有人想不通道理而費解,有人搖頭不信這少年真能從眾人身邊奪走寶地火力,有人則與紫衫公子同仇敵愾,對常樂虎視眈眈。
“笑話。”蔣裏冷笑,“你們無法借力修煉,便要怪別人?”
“你未來之前,一切都很正常。”紫衫公子不理蔣裏,隻盯著常樂。“你一來,神火力量便生變化,我等皆無法借力修煉。而你,卻不斷吞噬此地火力,諸人有目共睹,你還想抵賴?”
常樂不知自家事,望向小草,卻見小草臉色微紅,在向自己輕輕點頭。
竟然會這樣?
常樂一時也是不解。
難道說此地火力偏愛於我,我一練功,它便不再理會他人,而隻顧著助我一人?
開什麼玩笑!
神火又沒有靈智。就算有,又怎麼會單單看我一人順眼?
眼見許多人對自己怒目而視,常樂起身一揖:“諸位,我確實不知方才變化。這樣——我不修煉,且先請諸位修煉,若那異象仍在,便證明與我無關。”
“誰知道你暗中動沒動別的手腳?”紫衫公子冷笑。
“那你要如何?”蔣裏沉聲問。
“你們立刻離開此地!”紫衫公子厲聲說。
“總歸要試一試,才能確定罪責是否在我吧?”常樂問。
“何必再試?”紫衫公子搖頭,“你吞噬火力之事,大家都已經看到。”
“不錯。”青衫公子亦站了起來,“有目共睹之事,不容你抵賴。”
“如此說來,我倒認為是你們兩人合夥動了手腳。”常樂知道對方是故意針對自己,冷笑一聲,不再客氣。“當日我們在酒樓之中有所衝突,你們兩人理虧,被我說得無語而去,其後一直記恨在心,今日見我進入洞中,便故意使出邪法造出異象來害我,好毒的心。”

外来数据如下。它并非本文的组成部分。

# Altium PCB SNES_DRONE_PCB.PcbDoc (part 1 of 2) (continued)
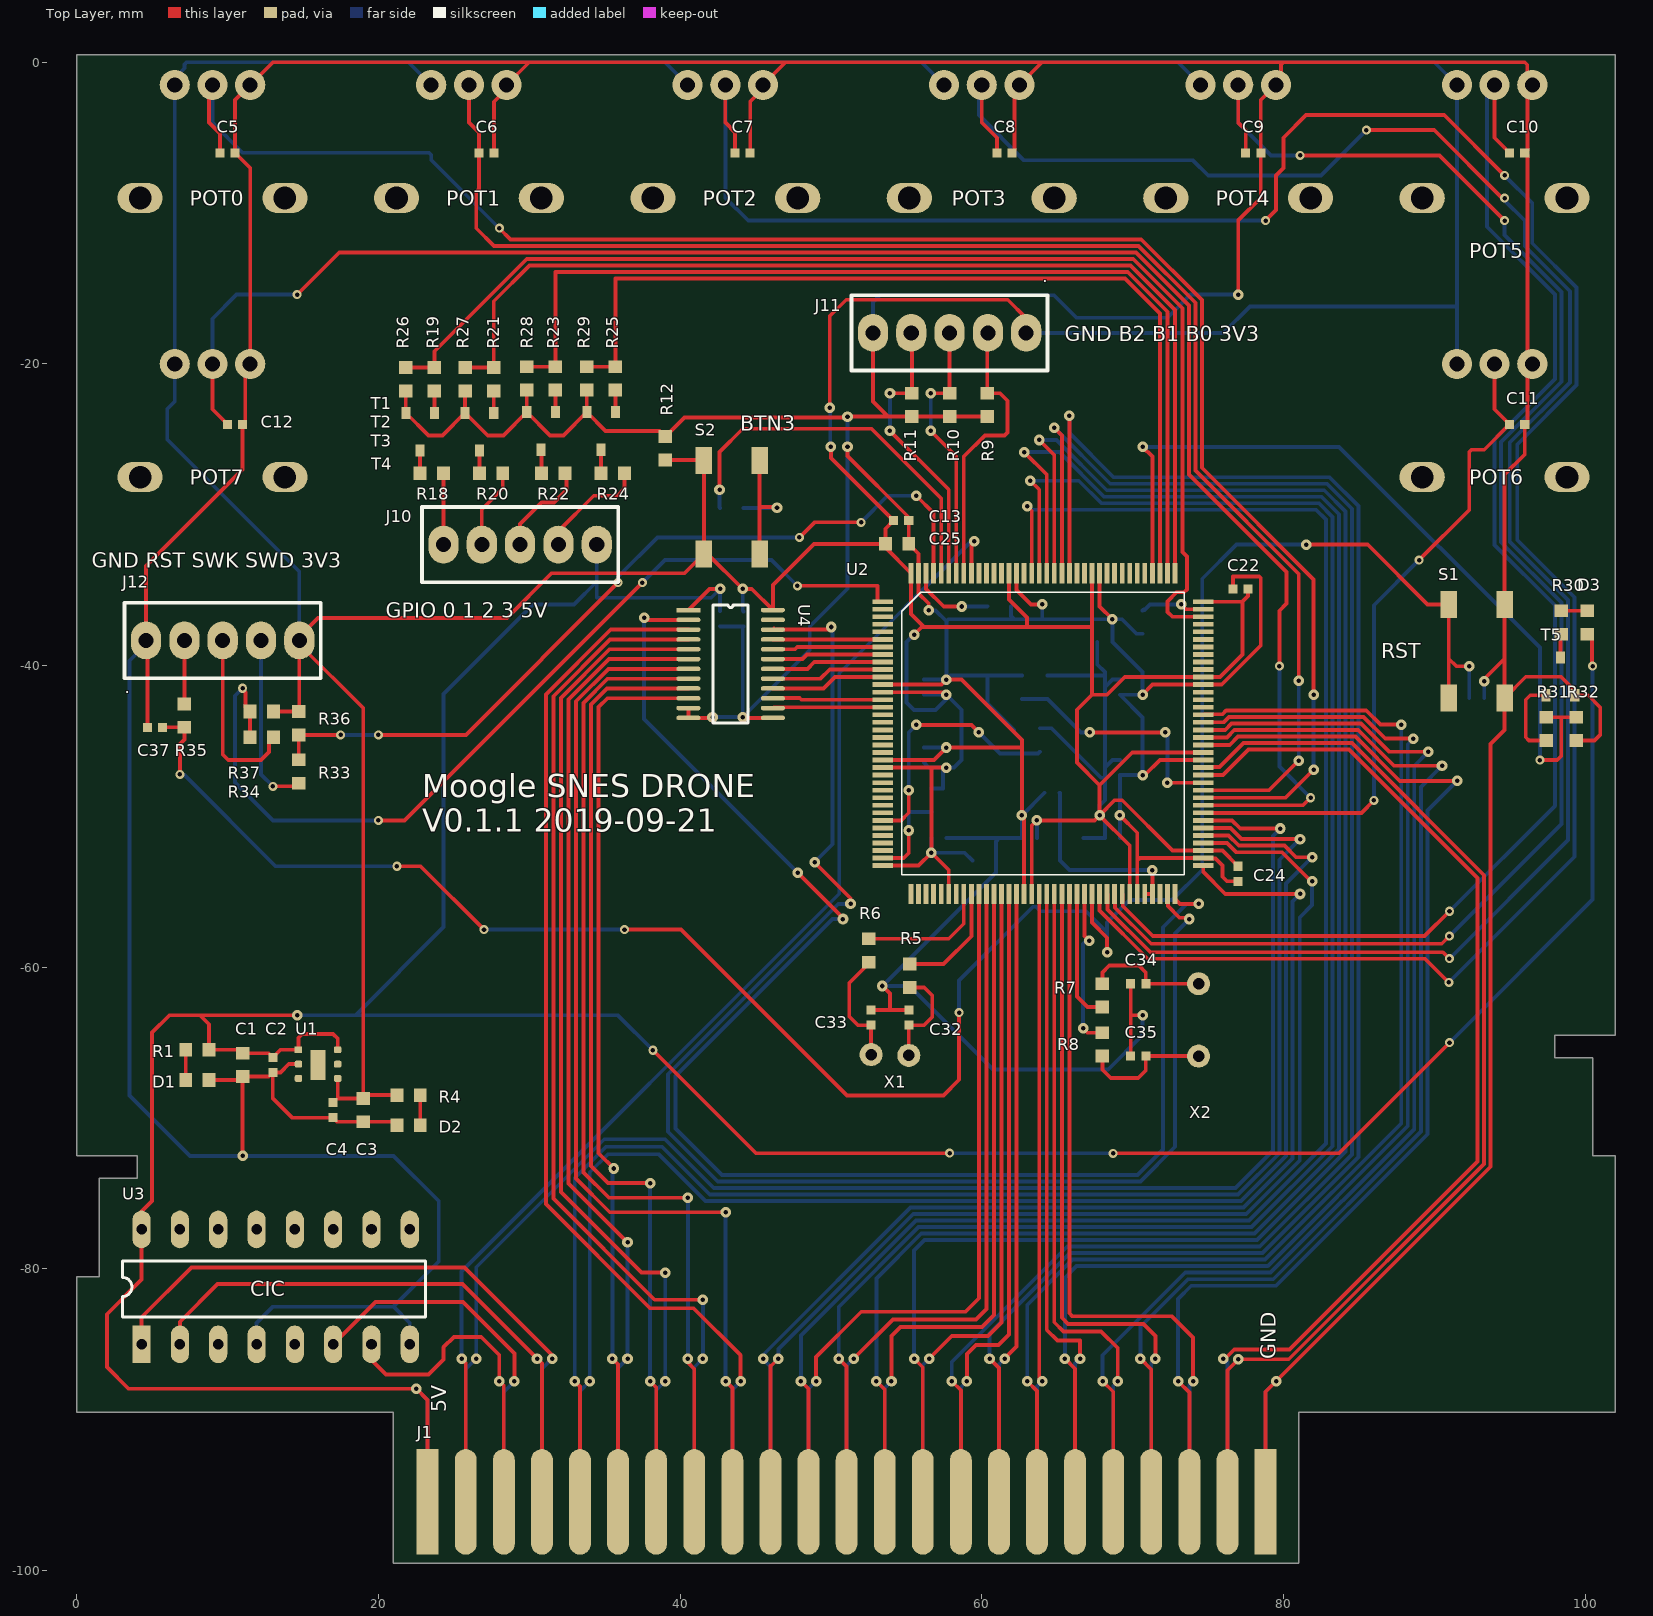
[diagram p0: Top Layer view]
## Components (designator, comment, footprint, x,y, rotation, side; value= is the part's Value field where it differs from the comment) (continued)
P7 "RES_POT_100k_LIN_ALPHA_EURACK" ALPHA_T18 94,-20 r0 bottom value="100k lin"
P8 "RES_POT_100k_LIN_ALPHA_EURACK" ALPHA_T18 9,-20 r0 bottom value="100k lin"
R1 "220Ohm 100mW" 0603_RES 8,-65.47 r0 top value=220R
R2 "DNP" 0603_DNP 56.66,-48.93 r270 bottom value=dnp
R4 "100Ohm 100mW" 0603_RES 22,-68.47 r180 top value=100R
R5 "0R" 0603_RES 55.215,-60.565 r90 top
R6 "0R" 0603_RES 52.515,-58.886 r90 top
R7 "0R" 0603_RES 68,-61.865 r270 top
R8 "0R" 0603_RES 68,-65.115 r90 top
R9 "10kOhm 100mW" 0603_RES 60.365,-22.715 r90 top value=10k
R10 "10kOhm 100mW" 0603_RES 57.865,-22.715 r90 top value=10k
R11 "10kOhm 100mW" 0603_RES 55.365,-22.715 r90 top value=10k
R12 "220kOhm 100mW" 0603_RES 39.015,-25.59 r270 top value=220k
R13 "220Ohm 100mW" 0603_RES 43.425,-29.54 r180 bottom value=220R
R14 "DNP" 0603_DNP 63.855,-44.93 r270 bottom value=dnp
R15 "10kOhm 100mW" 0603_RES 62.15,-45.048 r270 bottom value=10k
R16 "DNP" 0603_DNP 64.364,-41.43 r270 bottom value=dnp
R17 "10kOhm 100mW" 0603_RES 62.66,-41.43 r270 bottom value=10k
R18 "DNP" 0603_DNP 23.54,-27.24 r0 top value=dnp
R19 "10kOhm 100mW" 0603_RES 23.715,-21.015 r270 top value=10k
R20 "DNP" 0603_DNP 27.47,-27.24 r0 top value=dnp
R21 "10kOhm 100mW" 0603_RES 27.645,-21.009 r270 top value=10k
R22 "DNP" 0603_DNP 31.59,-27.24 r0 top value=dnp
R23 "10kOhm 100mW" 0603_RES 31.735,-20.959 r270 top value=10k
R24 "DNP" 0603_DNP 35.54,-27.24 r0 top value=dnp
R25 "10kOhm 100mW" 0603_RES 35.715,-20.959 r270 top value=10k
R26 "100kOhm 100mW" 0603_RES 21.815,-21.015 r90 top value=100k
R27 "100kOhm 100mW" 0603_RES 25.745,-21.009 r90 top value=100k
R28 "100kOhm 100mW" 0603_RES 29.835,-20.959 r90 top value=100k
R29 "100kOhm 100mW" 0603_RES 33.815,-20.959 r90 top value=100k
R30 "DNP" 0603_DNP 98.415,-37.14 r90 top value=dnp
R31 "10kOhm 100mW" 0603_RES 97.415,-44.196 r270 top value=10k
R32 "100kOhm 100mW" 0603_RES 99.415,-44.196 r90 top value=100k
R33 "100Ohm 100mW" 0603_RES 14.716,-47.019 r90 top value=100R
R34 "100Ohm 100mW" 0603_RES 12.262,-44.744 r180 top value=100R
R35 "100Ohm 100mW" 0603_RES 7.136,-43.315 r270 top value=100R
R36 "10kOhm 100mW" 0603_RES 14.716,-43.815 r90 top value=10k
R37 "10kOhm 100mW" 0603_RES 12.262,-43.04 r0 top value=10k
S1 "SW-Button_SMD" SKQGAFE010 92.815,-39.04 r90 top
S2 "SW-Button_SMD" SKQGAFE010 43.425,-29.49 r270 top
T1 "BC817" TO-236AB 23.715,-23.24 r180 top
T2 "BC817" TO-236AB 27.645,-23.24 r180 top
T3 "BC817" TO-236AB 31.735,-23.19 r180 top
T4 "BC817" TO-236AB 35.715,-23.19 r180 top
T5 "BC817" TO-236AB 97.415,-41.965 r0 top
U1 "3V3 LDO" DFN6_3X3 14.7,-65.47 r0 top
U2 "STM32F446ZE" LQFP144_SMALL_PADS 55.31,-55.14 r0 top
U3 "IC_D411A" DIP16 8.11,-81.19 r90 top net-tie
U4 "IC_SN74LVCC3245APWR" TSSOP24 40.55,-36.315 r0 top
X1 "32.768kHz" XTAL_32768KHZ 55.165,-65.84 r180 top
X2 "8MHz" XTAL_8MHZ 74.375,-61.09 r270 top

## Footprints (in the part's own frame and the unit in brackets; to place one, negate y for a bottom-side part, rotate by r counter-clockwise, add the part's x,y. Pads: shape width x height; smd on the part's side, far side on the other; paste and mask are expansions set on the pad)
0402_RES [mm]
  rect 0.6x0.6 smd: 1(-0.5,0) 2(0.5,0)
  body extent -0.5,-0.25 0.5,0.25, height 0.75
0603_DNP [mm]
  rect 0.85x0.9 smd: 1(-0.775,0) 2(0.775,0)
0603_LED [mm]
  rect 0.85x0.9 smd: 1(-0.775,0) 2(0.775,0)
  body extent -0.77,-0.4 0.83,0.4, height 1.07
0603_RES [mm]
  rect 0.85x0.9 smd: 1(-0.775,0) 2(0.775,0)
  body extent -0.85,-0.4 0.85,0.4, height 0.56
ALPHA_T18 [mm]
  round 2 hole 1: 1(-2.5,0) 2(0,0) 3(2.5,0)
  oval 3x2 hole 1.5: 4(-4.8,7.5) 5(4.8,7.5)
  silkscreen extent -6,-1 6,12, body extent -5.74,-0.09 5.79,12.26, height 30.04
DFN6_3X3 [mm]
  rect 0.5x0.45 smd: 1(0,0)
  rrect50% 0.5x0.45 smd: 2(0,-0.95) 3(0,-1.9) 4(2.6,-1.9) 5(2.6,-0.95) 6(2.6,0)
  rect 1x2 smd: 7(1.3,-1)
  body extent -0.25,-2.45 2.85,0.55, height 0.75
DIP16 [mm]
  rect 2.5x1.2 hole 0.7: 1(-3.81,3.81)
  oval 2.5x1.2 hole 0.7: 2(-3.81,1.27) 3(-3.81,-1.27) 4(-3.81,-3.81) 5(-3.81,-6.35) 6(-3.81,-8.89) 7(-3.81,-11.43) 8(-3.81,-13.97) 9(3.81,-13.97) 10(3.81,-11.43) 11(3.81,-8.89) 12(3.81,-6.35) 13(3.81,-3.81) 14(3.81,-1.27) 15(3.81,1.27) 16(3.81,3.81)
  silkscreen extent -2,-15 1.73,5.08, body extent -3.93,-14.98 3.94,4.98, height 5.2
LQFP144_SMALL_PADS [mm]
  rect 0.32x1.35 smd: 1(0,0) 2(0.5,0) 3(1,0) 4(1.5,0) 5(2,0) 6(2.5,0) 7(3,0) 8(3.5,0) 9(4,0) 10(4.5,0) 11(5,0) 12(5.5,0) 13(6,0) 14(6.5,0) 15(7,0) 16(7.5,0) 17(8,0) 18(8.5,0) 19(9,0) 20(9.5,0) 21(10,0) 22(10.5,0) 23(11,0) 24(11.5,0) 25(12,0) 26(12.5,0) 27(13,0) 28(13.5,0) 29(14,0) 30(14.5,0) 31(15,0) 32(15.5,0) 33(16,0) 34(16.5,0) 35(17,0) 36(17.5,0) 73(17.5,21.26) 74(17,21.26) 75(16.5,21.26) 76(16,21.26) 77(15.5,21.26) 78(15,21.26) 79(14.5,21.26) 80(14,21.26) 81(13.5,21.26) 82(13,21.26) 83(12.5,21.26) 84(12,21.26) 85(11.5,21.26) 86(11,21.26) 87(10.5,21.26) 88(10,21.26) 89(9.5,21.26) 90(9,21.26) 91(8.5,21.26) 92(8,21.26) 93(7.5,21.26) 94(7,21.26) 95(6.5,21.26) 96(6,21.26) 97(5.5,21.26) 98(5,21.26) 99(4.5,21.26) 100(4,21.26) 101(3.5,21.26) 102(3,21.26) 103(2.5,21.26) 104(2,21.26) 105(1.5,21.26) 106(1,21.26) 107(0.5,21.26) 108(0,21.26)
  rect 1.35x0.32 smd: 37(19.38,1.88) 38(19.38,2.38) 39(19.38,2.88) 40(19.38,3.38) 41(19.38,3.88) 42(19.38,4.38) 43(19.38,4.88) 44(19.38,5.38) 45(19.38,5.88) 46(19.38,6.38) 47(19.38,6.88) 48(19.38,7.38) 49(19.38,7.88) 50(19.38,8.38) 51(19.38,8.88) 52(19.38,9.38) 53(19.38,9.88) 54(19.38,10.38) 55(19.38,10.88) 56(19.38,11.38) 57(19.38,11.88) 58(19.38,12.38) 59(19.38,12.88) 60(19.38,13.38) 61(19.38,13.88) 62(19.38,14.38) 63(19.38,14.88) 64(19.38,15.38) 65(19.38,15.88) 66(19.38,16.38) 67(19.38,16.88) 68(19.38,17.38) 69(19.38,17.88) 70(19.38,18.38) 71(19.38,18.88) 72(19.38,19.38) 109(-1.88,19.38) 110(-1.88,18.88) 111(-1.88,18.38) 112(-1.88,17.88) 113(-1.88,17.38) 114(-1.88,16.88) 115(-1.88,16.38) 116(-1.88,15.88) 117(-1.88,15.38) 118(-1.88,14.88) 119(-1.88,14.38) 120(-1.88,13.88) 121(-1.88,13.38) 122(-1.88,12.88) 123(-1.88,12.38) 124(-1.88,11.88) 125(-1.88,11.38) 126(-1.88,10.88) 127(-1.88,10.38) 128(-1.88,9.88) 129(-1.88,9.38) 130(-1.88,8.88) 131(-1.88,8.38) 132(-1.88,7.88) 133(-1.88,7.38) 134(-1.88,6.88) 135(-1.88,6.38) 136(-1.88,5.88) 137(-1.88,5.38) 138(-1.88,4.88) 139(-1.88,4.38) 140(-1.88,3.88) 141(-1.88,3.38) 142(-1.88,2.88) 143(-1.88,2.38) 144(-1.88,1.88)
  silkscreen extent -0.62,1.26 18.12,20, body extent -2.25,-0.25 19.75,21.75, height 1.45
MOLEX_22-27-2051 [mm] "5 pin molex connector 2.54mm width"
  oval 2x2.5 hole 1: 1(-5.08,0) 2(-2.54,0) 3(0,0) 4(2.54,0) 5(5.08,0)
  silkscreen extent -6.5,-2.5 6.5,2.5, body extent -6.35,-2.9 6.35,2.9, height 11.92
SKQGAFE010 [mm]
  rect 1.8x1.1 smd: 1(-3.1,1.85) 1(3.1,1.85) 3(-3.1,-1.85) 3(3.1,-1.85)
  body extent -3.1,-2.55 3.3,2.65, height 1.5
"SNES Cartridge Connector" [mm]
  rect 1.45x7 smd far side: 5(55.55,0) 27(0,0)
  oval 1.45x7 smd far side: 6(53.025,0) 7(50.5,0) 8(47.975,0) 9(45.45,0) 10(42.925,0) 11(40.4,0) 12(37.875,0) 13(35.35,0) 14(32.825,0) 15(30.3,0) 16(27.775,0) 17(25.25,0) 18(22.725,0) 19(20.2,0) 20(17.675,0) 21(15.15,0) 22(12.625,0) 23(10.1,0) 24(7.575,0) 25(5.05,0) 26(2.525,0)
  rect 1.45x7 smd: 36(55.55,0) 58(0,0)
  oval 1.45x7 smd: 37(53.025,0) 38(50.5,0) 39(47.975,0) 40(45.45,0) 41(42.925,0) 42(40.4,0) 43(37.875,0) 44(35.35,0) 45(32.825,0) 46(30.3,0) 47(27.775,0) 48(25.25,0) 49(22.725,0) 50(20.2,0) 51(17.675,0) 52(15.15,0) 53(12.625,0) 54(10.1,0) 55(7.575,0) 56(5.05,0) 57(2.525,0)
TO-236AB [mm]
  rect 0.6x0.8 smd: 1(0,0) 2(1.9,0) 3(0.95,2.5)
  body extent -0.45,-0.15 2.45,2.65, height 10
TSSOP24 [mm]
  rect 1.6x0.3 smd: 1(0,0)
  oval 1.6x0.3 smd: 2(0,-0.65) 3(0,-1.3) 4(0,-1.95) 5(0,-2.6) 6(0,-3.25) 7(0,-3.9) 8(0,-4.55) 9(0,-5.2) 10(0,-5.85) 11(0,-6.5) 12(0,-7.15) 13(5.6,-7.15) 14(5.6,-6.5) 15(5.6,-5.85) 16(5.6,-5.2) 17(5.6,-4.55) 18(5.6,-3.9) 19(5.6,-3.25) 20(5.6,-2.6) 21(5.6,-1.95) 22(5.6,-1.3) 23(5.6,-0.65) 24(5.6,0)
  silkscreen extent 1.63,-7.48 3.97,0.33, body extent -0.45,-7.5 5.95,0.3, height 1.11
XTAL_8MHZ [mil]
  round 60 hole 30: 1(0,0) 2(188.98,0)
  body extent -123,-94 312,89, height 138
XTAL_32768KHZ [mil]
  round 60 hole 30: 1(0,0) 2(98.43,-1.97)
  body extent -4,-43 106,39, height 323

## Part data
C1 C3 C27: library part Cap_1u_0603, "Keramikvielschichtkondensator, SMD, 1 µF, 10 V, 0603 [Metrisch 1608], ± 20%, X5R, WCAP-CSGP Series", Manufacturer 1="WURTH ELEKTRONIK", Manufacturer Part Number 1=885012106010, Supplier Part Number 1=2533941, ComponentLink1Description=datasheet, ComponentLink1URL=http://www.farnell.com/datasheets/2031757.pdf?_ga=2.58341487.453785206.1540794792-1293375253.1539206166, ComponentLink2Description=farnell, ComponentLink2URL=https://at.farnell.com/wurth-elektronik/885012106010/kondensator-1-f-10v-20-x5r-0603/dp/2533941?st=1%C2%B5F%20SMD, datasheet=http://www.farnell.com/datasheets/2046096.pdf?_ga=2.184862249.1080119096.1514547302-1693477411.1514385574, farnell number=1166020, Supplier 1=Farnell, Supplier Order Qty 1=10, Supplier Unit Price 1=0,0826
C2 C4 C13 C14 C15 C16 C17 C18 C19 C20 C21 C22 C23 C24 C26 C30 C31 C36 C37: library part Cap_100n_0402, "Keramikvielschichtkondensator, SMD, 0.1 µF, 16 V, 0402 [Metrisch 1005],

“一派胡言!”青衫公子厲喝,“我們是何等人,你們又是什麼東西,我們會害你?笑話!”
“口中幹淨些。”蔣裏麵無表情,語聲低沉。
“怎麼,還想動手不成?”紫衫公子冷笑。“我南間府於家子弟,可從來不懼他人威脅。”
“南間府賀家,亦不會對強徒低頭。”青衫公子麵有傲色。
其餘諸人,卻不由露出種種複雜表情。
“南間府?”蔣裏目光一動,盯住紫衫公子:“劍星派的於家?”
“正是。”紫衫公子冷笑,“本公子,姓於名易之。”
魚一隻?
常樂想笑。
別人卻笑不出來。
大夏江湖,武道門派林立,若要喊聲第一,除武神門外,無人敢抬頭應聲。
一木秀於林,君為鶴,別人,卻也不盡是草雞。
武神之下,另有四派,名動大夏江湖,各據一方,雄霸一地,論起來,也是響當當的名號,江湖人不敢輕犯,朝廷亦恭敬有加。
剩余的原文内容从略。